PROBLEM TO WORK ON>
All lines from the opening of the entries below through the line containing "acs880RateLimRising = 10000" must be output exactly as they appear, with no other lines.
(RECORDS SUPPLIED begins)
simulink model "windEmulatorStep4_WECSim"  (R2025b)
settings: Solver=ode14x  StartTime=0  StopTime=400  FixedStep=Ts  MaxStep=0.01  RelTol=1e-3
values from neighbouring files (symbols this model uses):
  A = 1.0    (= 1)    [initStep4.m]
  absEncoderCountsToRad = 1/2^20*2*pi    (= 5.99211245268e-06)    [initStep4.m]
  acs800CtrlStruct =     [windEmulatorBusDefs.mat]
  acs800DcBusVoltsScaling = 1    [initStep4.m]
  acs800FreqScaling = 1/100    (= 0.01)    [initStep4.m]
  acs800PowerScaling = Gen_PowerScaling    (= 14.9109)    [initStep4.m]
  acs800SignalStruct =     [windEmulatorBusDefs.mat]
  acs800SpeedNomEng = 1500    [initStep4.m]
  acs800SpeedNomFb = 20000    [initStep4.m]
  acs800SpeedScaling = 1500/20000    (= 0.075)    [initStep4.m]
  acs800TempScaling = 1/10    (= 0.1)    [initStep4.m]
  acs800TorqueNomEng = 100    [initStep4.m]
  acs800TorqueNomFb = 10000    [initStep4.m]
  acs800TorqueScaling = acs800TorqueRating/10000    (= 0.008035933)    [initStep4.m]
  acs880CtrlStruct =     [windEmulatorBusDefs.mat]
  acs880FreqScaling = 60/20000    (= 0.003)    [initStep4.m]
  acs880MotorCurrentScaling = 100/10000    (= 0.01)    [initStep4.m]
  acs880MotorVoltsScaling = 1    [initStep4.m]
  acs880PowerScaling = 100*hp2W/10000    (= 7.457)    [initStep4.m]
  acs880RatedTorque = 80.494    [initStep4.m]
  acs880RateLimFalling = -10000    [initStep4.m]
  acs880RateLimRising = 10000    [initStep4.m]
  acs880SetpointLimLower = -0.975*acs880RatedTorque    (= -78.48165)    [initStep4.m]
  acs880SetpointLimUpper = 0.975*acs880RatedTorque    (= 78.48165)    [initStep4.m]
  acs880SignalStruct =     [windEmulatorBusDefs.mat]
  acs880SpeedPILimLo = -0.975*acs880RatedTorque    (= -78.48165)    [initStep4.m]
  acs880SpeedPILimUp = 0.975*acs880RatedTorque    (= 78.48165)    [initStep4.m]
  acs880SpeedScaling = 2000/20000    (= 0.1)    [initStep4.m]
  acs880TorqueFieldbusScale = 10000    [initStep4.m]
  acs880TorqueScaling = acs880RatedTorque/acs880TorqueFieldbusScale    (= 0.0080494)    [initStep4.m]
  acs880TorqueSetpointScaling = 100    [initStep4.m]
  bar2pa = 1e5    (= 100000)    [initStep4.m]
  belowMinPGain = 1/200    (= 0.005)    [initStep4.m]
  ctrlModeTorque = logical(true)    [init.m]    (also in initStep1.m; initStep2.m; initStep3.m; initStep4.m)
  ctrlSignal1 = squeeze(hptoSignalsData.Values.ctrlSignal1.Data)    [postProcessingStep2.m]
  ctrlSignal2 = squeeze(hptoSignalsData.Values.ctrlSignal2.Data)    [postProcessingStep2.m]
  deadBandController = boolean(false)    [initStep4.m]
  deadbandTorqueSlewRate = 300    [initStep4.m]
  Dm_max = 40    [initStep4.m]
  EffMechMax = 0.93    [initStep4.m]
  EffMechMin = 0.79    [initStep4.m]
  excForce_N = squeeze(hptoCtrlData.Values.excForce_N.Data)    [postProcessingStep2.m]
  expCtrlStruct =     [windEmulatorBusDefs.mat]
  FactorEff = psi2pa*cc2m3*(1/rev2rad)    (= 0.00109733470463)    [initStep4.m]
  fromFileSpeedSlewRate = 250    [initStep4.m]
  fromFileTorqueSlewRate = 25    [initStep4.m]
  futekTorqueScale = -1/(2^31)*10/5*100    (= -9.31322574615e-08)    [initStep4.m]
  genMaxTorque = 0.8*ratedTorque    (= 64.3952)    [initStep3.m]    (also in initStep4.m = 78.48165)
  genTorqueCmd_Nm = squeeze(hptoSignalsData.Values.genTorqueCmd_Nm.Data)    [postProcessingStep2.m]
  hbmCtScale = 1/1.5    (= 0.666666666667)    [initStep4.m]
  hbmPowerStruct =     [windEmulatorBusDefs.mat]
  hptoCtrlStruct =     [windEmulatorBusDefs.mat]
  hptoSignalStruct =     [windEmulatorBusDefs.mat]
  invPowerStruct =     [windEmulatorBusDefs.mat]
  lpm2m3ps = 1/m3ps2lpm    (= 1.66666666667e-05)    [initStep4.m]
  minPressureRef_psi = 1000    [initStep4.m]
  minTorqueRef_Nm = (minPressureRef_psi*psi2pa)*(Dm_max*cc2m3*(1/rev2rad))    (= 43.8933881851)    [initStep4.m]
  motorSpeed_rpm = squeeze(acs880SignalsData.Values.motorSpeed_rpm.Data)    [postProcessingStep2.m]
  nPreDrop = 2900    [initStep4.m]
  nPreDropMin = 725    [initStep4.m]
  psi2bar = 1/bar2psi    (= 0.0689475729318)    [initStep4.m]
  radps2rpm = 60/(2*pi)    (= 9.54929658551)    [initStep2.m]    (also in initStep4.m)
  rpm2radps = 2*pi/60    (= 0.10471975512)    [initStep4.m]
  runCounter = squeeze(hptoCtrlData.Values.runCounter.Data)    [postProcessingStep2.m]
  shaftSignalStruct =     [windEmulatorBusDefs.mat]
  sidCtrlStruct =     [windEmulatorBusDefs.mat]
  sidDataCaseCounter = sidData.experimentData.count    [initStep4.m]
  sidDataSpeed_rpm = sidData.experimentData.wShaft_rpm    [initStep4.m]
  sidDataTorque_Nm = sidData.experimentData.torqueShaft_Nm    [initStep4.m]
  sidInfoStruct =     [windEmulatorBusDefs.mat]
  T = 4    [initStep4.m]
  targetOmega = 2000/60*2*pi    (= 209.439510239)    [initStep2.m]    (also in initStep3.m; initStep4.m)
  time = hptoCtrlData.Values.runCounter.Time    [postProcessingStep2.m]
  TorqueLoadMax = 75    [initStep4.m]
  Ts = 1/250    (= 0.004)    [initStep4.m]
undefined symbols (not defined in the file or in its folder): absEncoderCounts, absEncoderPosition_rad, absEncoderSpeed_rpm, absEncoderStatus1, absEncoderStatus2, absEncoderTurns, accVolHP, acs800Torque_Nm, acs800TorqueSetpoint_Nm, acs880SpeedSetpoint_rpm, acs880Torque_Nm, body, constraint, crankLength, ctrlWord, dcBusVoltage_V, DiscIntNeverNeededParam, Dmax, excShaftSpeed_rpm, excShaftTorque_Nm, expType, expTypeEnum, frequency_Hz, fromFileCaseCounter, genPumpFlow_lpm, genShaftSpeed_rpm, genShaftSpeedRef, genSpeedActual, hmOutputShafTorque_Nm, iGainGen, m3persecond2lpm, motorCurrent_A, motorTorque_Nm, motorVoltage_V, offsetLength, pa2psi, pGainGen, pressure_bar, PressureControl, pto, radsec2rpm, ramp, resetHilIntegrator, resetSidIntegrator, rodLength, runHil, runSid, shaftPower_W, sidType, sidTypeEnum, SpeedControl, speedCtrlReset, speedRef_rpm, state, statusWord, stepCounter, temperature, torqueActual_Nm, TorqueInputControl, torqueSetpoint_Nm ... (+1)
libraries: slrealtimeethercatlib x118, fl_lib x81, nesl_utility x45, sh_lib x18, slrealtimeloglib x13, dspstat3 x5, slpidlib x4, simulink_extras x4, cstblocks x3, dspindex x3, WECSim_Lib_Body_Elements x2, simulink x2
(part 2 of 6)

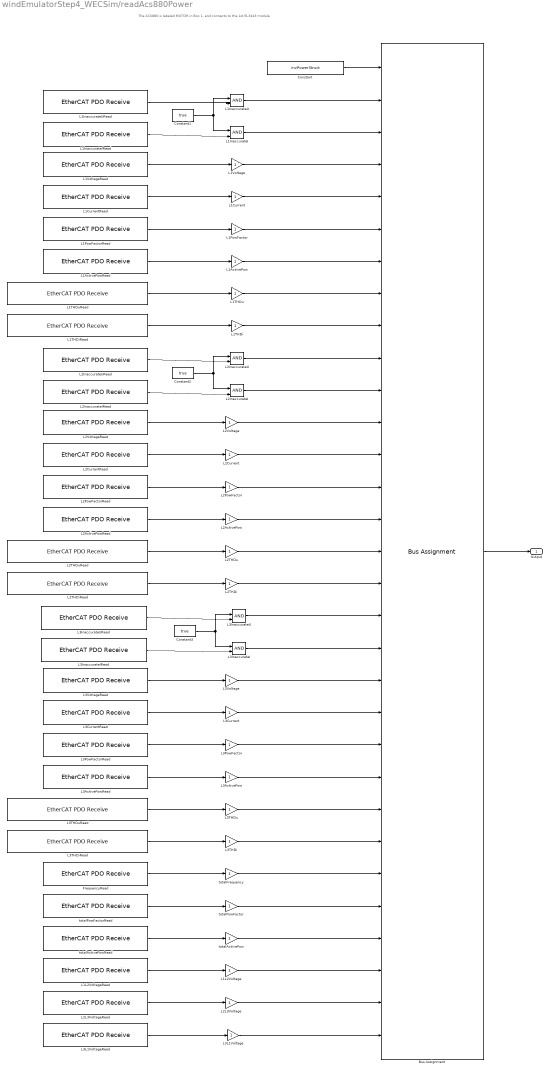
== system windEmulatorStep4_WECSim/readAcs880Power ==
  note: The ACS880 is labeled MOTOR in Box 1, and connects to the 1st EL3443 module
  Bus Assignment : BusAssignment  AssignedSignals=L1InaccurateU,L1InaccurateI,L1Voltage,L1Current,L1PowFactor,L1ActivePow,L1THDu,L1THDi,L2InaccurateU,L2InaccurateI,L2Voltage,L2Current,L2PowFactor,L2ActivePow,L2THDu,L2THDi,L3InaccurateU,L3InaccurateI,L3Voltage,L3Current,L3PowFactor,L3ActivePow,L3THDu,L3THDi,Frequency,TotalPowFactor,TotalActivePow,L1L2Voltage,L2L3Voltage,L3L1Volage
  Constant : Constant  Value=invPowerStruct  OutDataTypeStr=Bus: invPowerBus
  Constant1 : Constant  Value=true  OutDataTypeStr=boolean
  Constant2 : Constant  Value=true  OutDataTypeStr=boolean
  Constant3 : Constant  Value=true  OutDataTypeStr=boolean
(RECORDS SUPPLIED ends)
OUTPUT>
simulink model "windEmulatorStep4_WECSim"  (R2025b)
settings: Solver=ode14x  StartTime=0  StopTime=400  FixedStep=Ts  MaxStep=0.01  RelTol=1e-3
values from neighbouring files (symbols this model uses):
  A = 1.0    (= 1)    [initStep4.m]
  absEncoderCountsToRad = 1/2^20*2*pi    (= 5.99211245268e-06)    [initStep4.m]
  acs800CtrlStruct =     [windEmulatorBusDefs.mat]
  acs800DcBusVoltsScaling = 1    [initStep4.m]
  acs800FreqScaling = 1/100    (= 0.01)    [initStep4.m]
  acs800PowerScaling = Gen_PowerScaling    (= 14.9109)    [initStep4.m]
  acs800SignalStruct =     [windEmulatorBusDefs.mat]
  acs800SpeedNomEng = 1500    [initStep4.m]
  acs800SpeedNomFb = 20000    [initStep4.m]
  acs800SpeedScaling = 1500/20000    (= 0.075)    [initStep4.m]
  acs800TempScaling = 1/10    (= 0.1)    [initStep4.m]
  acs800TorqueNomEng = 100    [initStep4.m]
  acs800TorqueNomFb = 10000    [initStep4.m]
  acs800TorqueScaling = acs800TorqueRating/10000    (= 0.008035933)    [initStep4.m]
  acs880CtrlStruct =     [windEmulatorBusDefs.mat]
  acs880FreqScaling = 60/20000    (= 0.003)    [initStep4.m]
  acs880MotorCurrentScaling = 100/10000    (= 0.01)    [initStep4.m]
  acs880MotorVoltsScaling = 1    [initStep4.m]
  acs880PowerScaling = 100*hp2W/10000    (= 7.457)    [initStep4.m]
  acs880RatedTorque = 80.494    [initStep4.m]
  acs880RateLimFalling = -10000    [initStep4.m]
  acs880RateLimRising = 10000    [initStep4.m]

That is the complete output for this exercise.